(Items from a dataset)
§ §

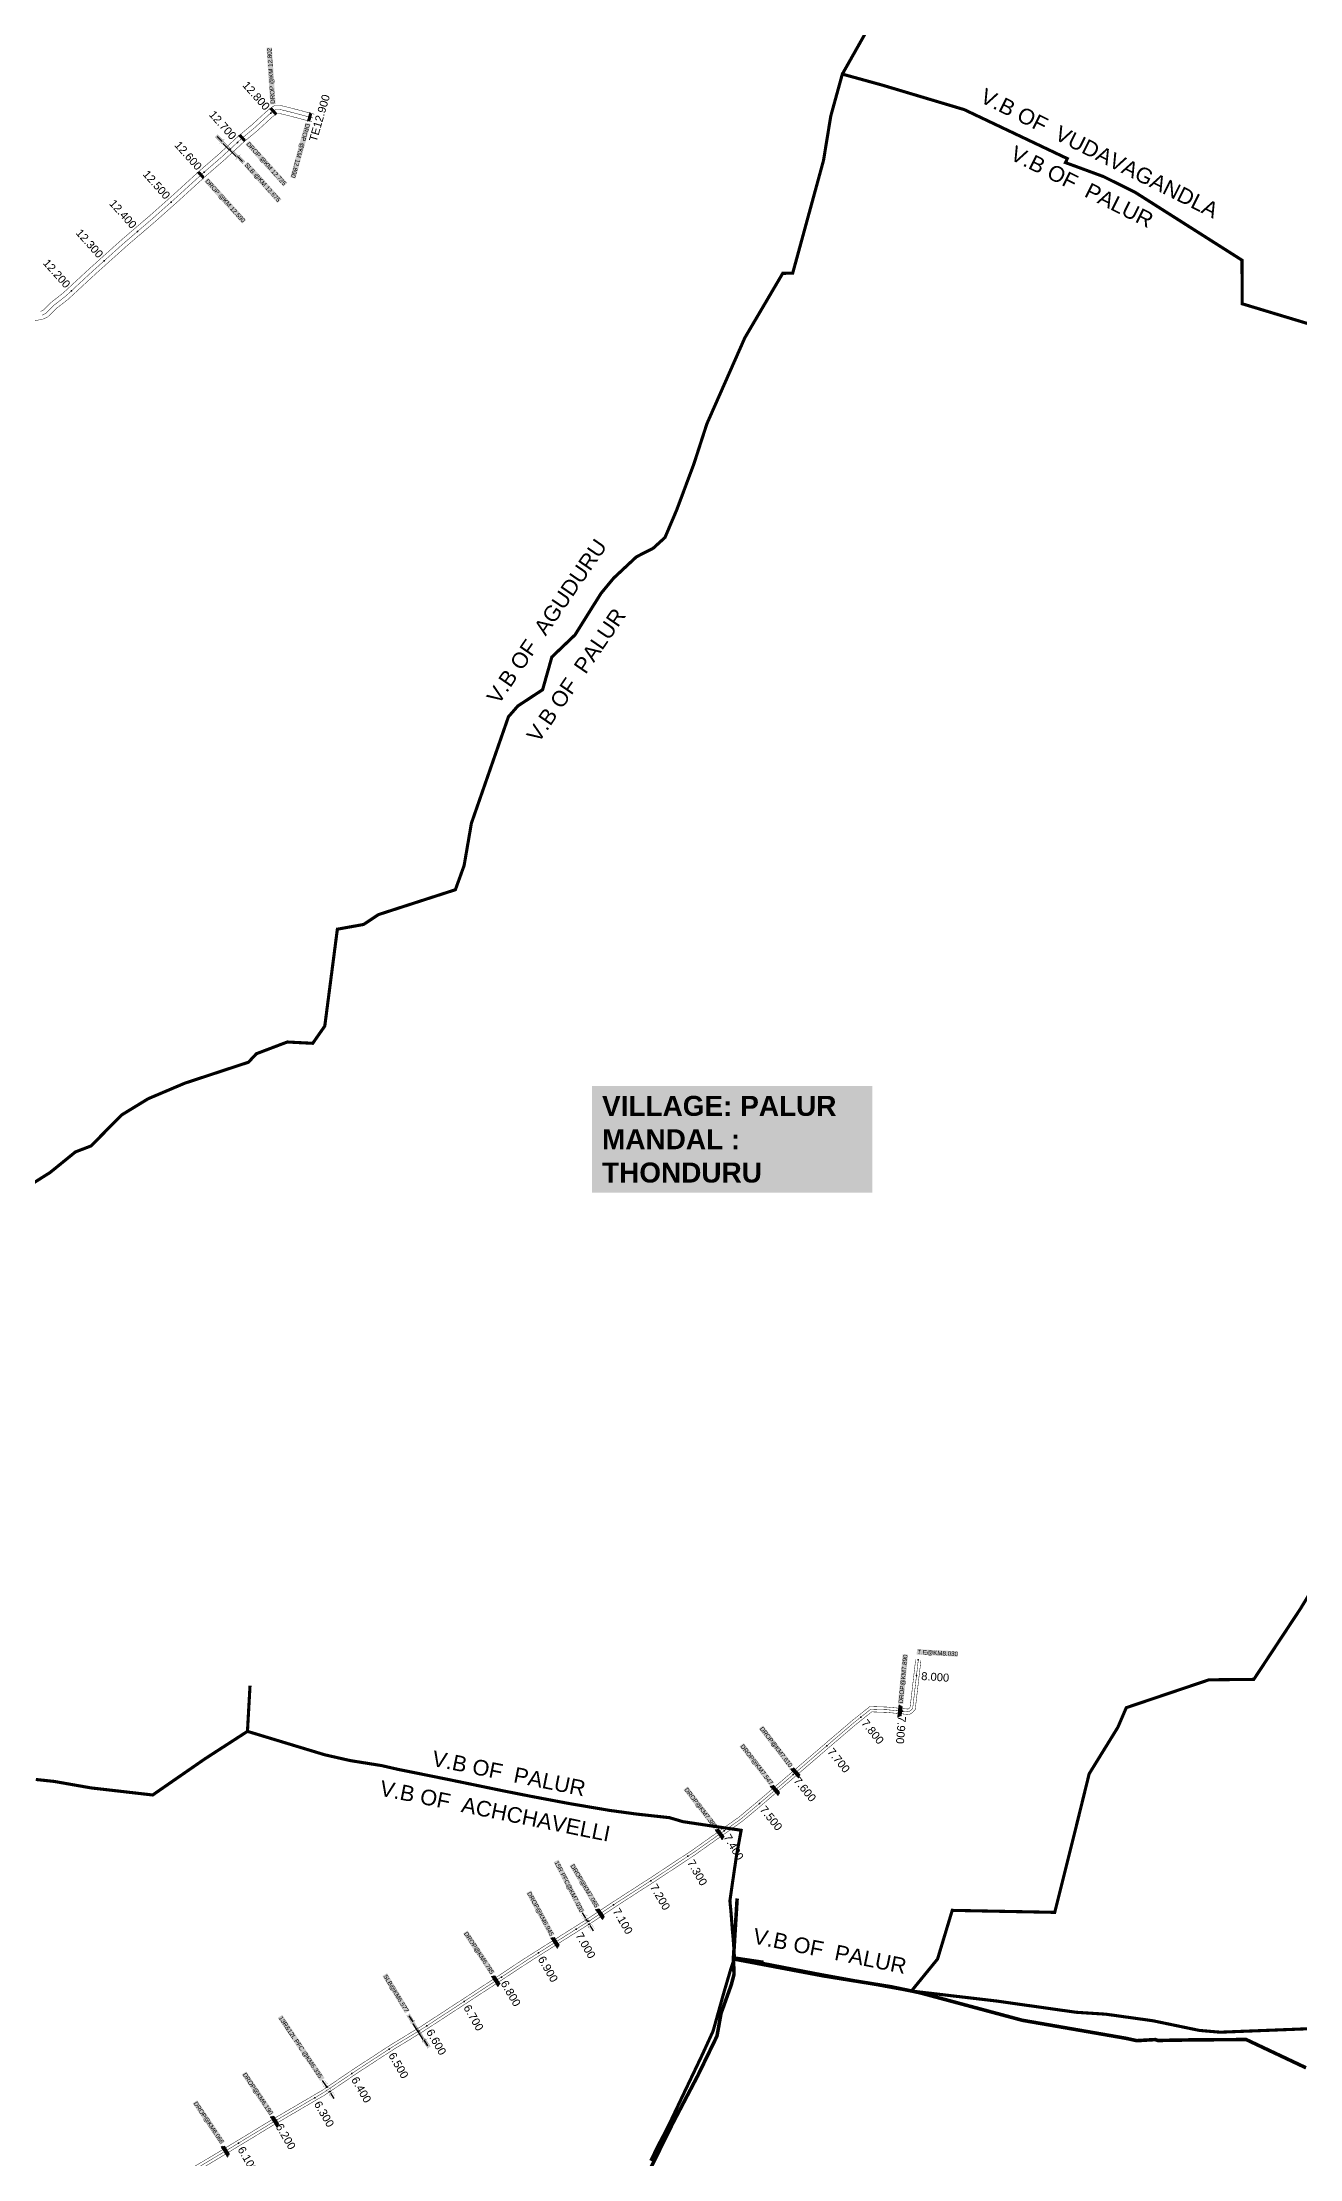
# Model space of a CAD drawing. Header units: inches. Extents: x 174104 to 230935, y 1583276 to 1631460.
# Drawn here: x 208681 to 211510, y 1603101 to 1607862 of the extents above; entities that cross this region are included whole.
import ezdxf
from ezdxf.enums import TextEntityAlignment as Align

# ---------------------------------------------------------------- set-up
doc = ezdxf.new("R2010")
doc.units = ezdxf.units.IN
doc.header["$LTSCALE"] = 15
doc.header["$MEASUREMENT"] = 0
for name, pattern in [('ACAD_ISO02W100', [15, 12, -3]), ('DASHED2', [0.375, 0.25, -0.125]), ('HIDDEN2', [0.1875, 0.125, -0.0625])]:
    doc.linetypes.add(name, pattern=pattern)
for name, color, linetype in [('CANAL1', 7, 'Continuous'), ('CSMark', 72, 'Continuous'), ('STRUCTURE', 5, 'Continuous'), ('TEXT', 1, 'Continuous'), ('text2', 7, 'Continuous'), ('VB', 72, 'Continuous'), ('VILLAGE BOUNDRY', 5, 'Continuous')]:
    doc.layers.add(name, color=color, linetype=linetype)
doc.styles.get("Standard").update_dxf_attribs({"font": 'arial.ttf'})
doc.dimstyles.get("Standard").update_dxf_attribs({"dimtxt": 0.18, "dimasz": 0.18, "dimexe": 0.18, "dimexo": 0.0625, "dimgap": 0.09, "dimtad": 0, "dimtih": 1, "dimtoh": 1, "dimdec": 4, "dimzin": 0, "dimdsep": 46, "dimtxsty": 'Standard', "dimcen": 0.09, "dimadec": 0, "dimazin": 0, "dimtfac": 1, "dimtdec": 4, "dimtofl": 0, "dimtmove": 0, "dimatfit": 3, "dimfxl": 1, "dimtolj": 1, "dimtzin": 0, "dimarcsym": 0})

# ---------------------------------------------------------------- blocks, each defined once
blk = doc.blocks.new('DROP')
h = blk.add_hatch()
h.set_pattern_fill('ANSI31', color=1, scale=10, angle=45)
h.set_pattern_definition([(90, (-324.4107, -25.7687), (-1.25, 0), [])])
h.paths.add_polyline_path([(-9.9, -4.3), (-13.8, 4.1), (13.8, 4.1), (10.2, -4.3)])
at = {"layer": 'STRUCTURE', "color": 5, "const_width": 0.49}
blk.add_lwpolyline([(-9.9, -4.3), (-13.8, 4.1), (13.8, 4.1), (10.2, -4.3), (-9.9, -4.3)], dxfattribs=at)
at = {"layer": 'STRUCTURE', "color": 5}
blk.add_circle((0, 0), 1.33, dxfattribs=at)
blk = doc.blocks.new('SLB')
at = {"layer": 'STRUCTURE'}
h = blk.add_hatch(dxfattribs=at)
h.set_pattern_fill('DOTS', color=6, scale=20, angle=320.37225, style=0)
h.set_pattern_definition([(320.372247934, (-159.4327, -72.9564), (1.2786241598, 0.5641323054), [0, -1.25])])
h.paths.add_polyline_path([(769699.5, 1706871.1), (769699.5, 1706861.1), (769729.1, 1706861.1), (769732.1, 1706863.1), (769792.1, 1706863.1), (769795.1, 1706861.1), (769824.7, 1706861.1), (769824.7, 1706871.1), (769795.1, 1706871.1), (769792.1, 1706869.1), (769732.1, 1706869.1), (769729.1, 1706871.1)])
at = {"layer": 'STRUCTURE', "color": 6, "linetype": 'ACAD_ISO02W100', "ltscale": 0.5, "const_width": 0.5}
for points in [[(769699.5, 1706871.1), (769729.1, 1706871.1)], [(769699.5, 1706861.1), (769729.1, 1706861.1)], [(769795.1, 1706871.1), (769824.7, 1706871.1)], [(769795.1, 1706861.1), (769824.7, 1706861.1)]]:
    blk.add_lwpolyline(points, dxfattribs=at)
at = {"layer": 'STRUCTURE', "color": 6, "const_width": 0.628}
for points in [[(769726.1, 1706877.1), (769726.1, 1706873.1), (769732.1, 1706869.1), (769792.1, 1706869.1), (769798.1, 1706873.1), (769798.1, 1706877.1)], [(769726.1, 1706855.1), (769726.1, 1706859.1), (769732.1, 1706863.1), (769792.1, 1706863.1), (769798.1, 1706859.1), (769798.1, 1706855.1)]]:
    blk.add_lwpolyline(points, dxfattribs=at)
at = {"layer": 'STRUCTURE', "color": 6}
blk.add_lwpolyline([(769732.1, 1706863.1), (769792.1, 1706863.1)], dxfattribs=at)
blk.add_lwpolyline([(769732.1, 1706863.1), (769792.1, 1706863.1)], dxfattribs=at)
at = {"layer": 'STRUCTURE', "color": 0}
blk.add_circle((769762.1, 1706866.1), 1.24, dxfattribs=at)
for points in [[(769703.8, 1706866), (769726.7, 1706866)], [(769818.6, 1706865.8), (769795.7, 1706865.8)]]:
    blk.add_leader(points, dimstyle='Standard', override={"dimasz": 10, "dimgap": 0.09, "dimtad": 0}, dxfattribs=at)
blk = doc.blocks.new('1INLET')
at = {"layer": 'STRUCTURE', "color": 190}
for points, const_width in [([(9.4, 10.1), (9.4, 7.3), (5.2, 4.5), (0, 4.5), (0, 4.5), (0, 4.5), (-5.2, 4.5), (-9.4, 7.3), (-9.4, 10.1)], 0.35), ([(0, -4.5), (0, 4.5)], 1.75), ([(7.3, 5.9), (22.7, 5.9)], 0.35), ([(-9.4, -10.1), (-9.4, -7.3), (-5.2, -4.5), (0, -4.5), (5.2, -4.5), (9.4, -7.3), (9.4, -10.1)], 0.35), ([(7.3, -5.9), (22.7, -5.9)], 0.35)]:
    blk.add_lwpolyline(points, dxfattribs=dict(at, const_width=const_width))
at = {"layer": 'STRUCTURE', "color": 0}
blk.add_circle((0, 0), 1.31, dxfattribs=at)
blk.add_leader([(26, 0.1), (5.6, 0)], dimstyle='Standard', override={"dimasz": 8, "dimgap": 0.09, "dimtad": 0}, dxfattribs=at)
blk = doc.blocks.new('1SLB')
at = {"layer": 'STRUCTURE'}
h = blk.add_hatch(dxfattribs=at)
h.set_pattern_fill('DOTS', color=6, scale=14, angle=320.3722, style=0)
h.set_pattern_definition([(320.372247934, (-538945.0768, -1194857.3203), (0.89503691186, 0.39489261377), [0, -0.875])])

§ §

Your answer should be a precise transcript of the entries, minus the pictures.

# Model space of a CAD drawing. Header units: inches. Extents: x 174104 to 230935, y 1583276 to 1631460.
# Drawn here: x 208681 to 211510, y 1603101 to 1607862 of the extents above; entities that cross this region are included whole.
import ezdxf
from ezdxf.enums import TextEntityAlignment as Align

# ---------------------------------------------------------------- set-up
doc = ezdxf.new("R2010")
doc.units = ezdxf.units.IN
doc.header["$LTSCALE"] = 15
doc.header["$MEASUREMENT"] = 0
for name, pattern in [('ACAD_ISO02W100', [15, 12, -3]), ('DASHED2', [0.375, 0.25, -0.125]), ('HIDDEN2', [0.1875, 0.125, -0.0625])]:
    doc.linetypes.add(name, pattern=pattern)
for name, color, linetype in [('CANAL1', 7, 'Continuous'), ('CSMark', 72, 'Continuous'), ('STRUCTURE', 5, 'Continuous'), ('TEXT', 1, 'Continuous'), ('text2', 7, 'Continuous'), ('VB', 72, 'Continuous'), ('VILLAGE BOUNDRY', 5, 'Continuous')]:
    doc.layers.add(name, color=color, linetype=linetype)
doc.styles.get("Standard").update_dxf_attribs({"font": 'arial.ttf'})
doc.dimstyles.get("Standard").update_dxf_attribs({"dimtxt": 0.18, "dimasz": 0.18, "dimexe": 0.18, "dimexo": 0.0625, "dimgap": 0.09, "dimtad": 0, "dimtih": 1, "dimtoh": 1, "dimdec": 4, "dimzin": 0, "dimdsep": 46, "dimtxsty": 'Standard', "dimcen": 0.09, "dimadec": 0, "dimazin": 0, "dimtfac": 1, "dimtdec": 4, "dimtofl": 0, "dimtmove": 0, "dimatfit": 3, "dimfxl": 1, "dimtolj": 1, "dimtzin": 0, "dimarcsym": 0})

# ---------------------------------------------------------------- blocks, each defined once
blk = doc.blocks.new('DROP')
h = blk.add_hatch()
h.set_pattern_fill('ANSI31', color=1, scale=10, angle=45)
h.set_pattern_definition([(90, (-324.4107, -25.7687), (-1.25, 0), [])])
h.paths.add_polyline_path([(-9.9, -4.3), (-13.8, 4.1), (13.8, 4.1), (10.2, -4.3)])
at = {"layer": 'STRUCTURE', "color": 5, "const_width": 0.49}
blk.add_lwpolyline([(-9.9, -4.3), (-13.8, 4.1), (13.8, 4.1), (10.2, -4.3), (-9.9, -4.3)], dxfattribs=at)
at = {"layer": 'STRUCTURE', "color": 5}
blk.add_circle((0, 0), 1.33, dxfattribs=at)
blk = doc.blocks.new('SLB')
at = {"layer": 'STRUCTURE'}
h = blk.add_hatch(dxfattribs=at)
h.set_pattern_fill('DOTS', color=6, scale=20, angle=320.37225, style=0)
h.set_pattern_definition([(320.372247934, (-159.4327, -72.9564), (1.2786241598, 0.5641323054), [0, -1.25])])
h.paths.add_polyline_path([(769699.5, 1706871.1), (769699.5, 1706861.1), (769729.1, 1706861.1), (769732.1, 1706863.1), (769792.1, 1706863.1), (769795.1, 1706861.1), (769824.7, 1706861.1), (769824.7, 1706871.1), (769795.1, 1706871.1), (769792.1, 1706869.1), (769732.1, 1706869.1), (769729.1, 1706871.1)])
at = {"layer": 'STRUCTURE', "color": 6, "linetype": 'ACAD_ISO02W100', "ltscale": 0.5, "const_width": 0.5}
for points in [[(769699.5, 1706871.1), (769729.1, 1706871.1)], [(769699.5, 1706861.1), (769729.1, 1706861.1)], [(769795.1, 1706871.1), (769824.7, 1706871.1)], [(769795.1, 1706861.1), (769824.7, 1706861.1)]]:
    blk.add_lwpolyline(points, dxfattribs=at)
at = {"layer": 'STRUCTURE', "color": 6, "const_width": 0.628}
for points in [[(769726.1, 1706877.1), (769726.1, 1706873.1), (769732.1, 1706869.1), (769792.1, 1706869.1), (769798.1, 1706873.1), (769798.1, 1706877.1)], [(769726.1, 1706855.1), (769726.1, 1706859.1), (769732.1, 1706863.1), (769792.1, 1706863.1), (769798.1, 1706859.1), (769798.1, 1706855.1)]]:
    blk.add_lwpolyline(points, dxfattribs=at)
at = {"layer": 'STRUCTURE', "color": 6}
blk.add_lwpolyline([(769732.1, 1706863.1), (769792.1, 1706863.1)], dxfattribs=at)
blk.add_lwpolyline([(769732.1, 1706863.1), (769792.1, 1706863.1)], dxfattribs=at)
at = {"layer": 'STRUCTURE', "color": 0}
blk.add_circle((769762.1, 1706866.1), 1.24, dxfattribs=at)
for points in [[(769703.8, 1706866), (769726.7, 1706866)], [(769818.6, 1706865.8), (769795.7, 1706865.8)]]:
    blk.add_leader(points, dimstyle='Standard', override={"dimasz": 10, "dimgap": 0.09, "dimtad": 0}, dxfattribs=at)
blk = doc.blocks.new('1INLET')
at = {"layer": 'STRUCTURE', "color": 190}
for points, const_width in [([(9.4, 10.1), (9.4, 7.3), (5.2, 4.5), (0, 4.5), (0, 4.5), (0, 4.5), (-5.2, 4.5), (-9.4, 7.3), (-9.4, 10.1)], 0.35), ([(0, -4.5), (0, 4.5)], 1.75), ([(7.3, 5.9), (22.7, 5.9)], 0.35), ([(-9.4, -10.1), (-9.4, -7.3), (-5.2, -4.5), (0, -4.5), (5.2, -4.5), (9.4, -7.3), (9.4, -10.1)], 0.35), ([(7.3, -5.9), (22.7, -5.9)], 0.35)]:
    blk.add_lwpolyline(points, dxfattribs=dict(at, const_width=const_width))
at = {"layer": 'STRUCTURE', "color": 0}
blk.add_circle((0, 0), 1.31, dxfattribs=at)
blk.add_leader([(26, 0.1), (5.6, 0)], dimstyle='Standard', override={"dimasz": 8, "dimgap": 0.09, "dimtad": 0}, dxfattribs=at)
blk = doc.blocks.new('1SLB')
at = {"layer": 'STRUCTURE'}
h = blk.add_hatch(dxfattribs=at)
h.set_pattern_fill('DOTS', color=6, scale=14, angle=320.3722, style=0)
h.set_pattern_definition([(320.372247934, (-538945.0768, -1194857.3203), (0.89503691186, 0.39489261377), [0, -0.875])])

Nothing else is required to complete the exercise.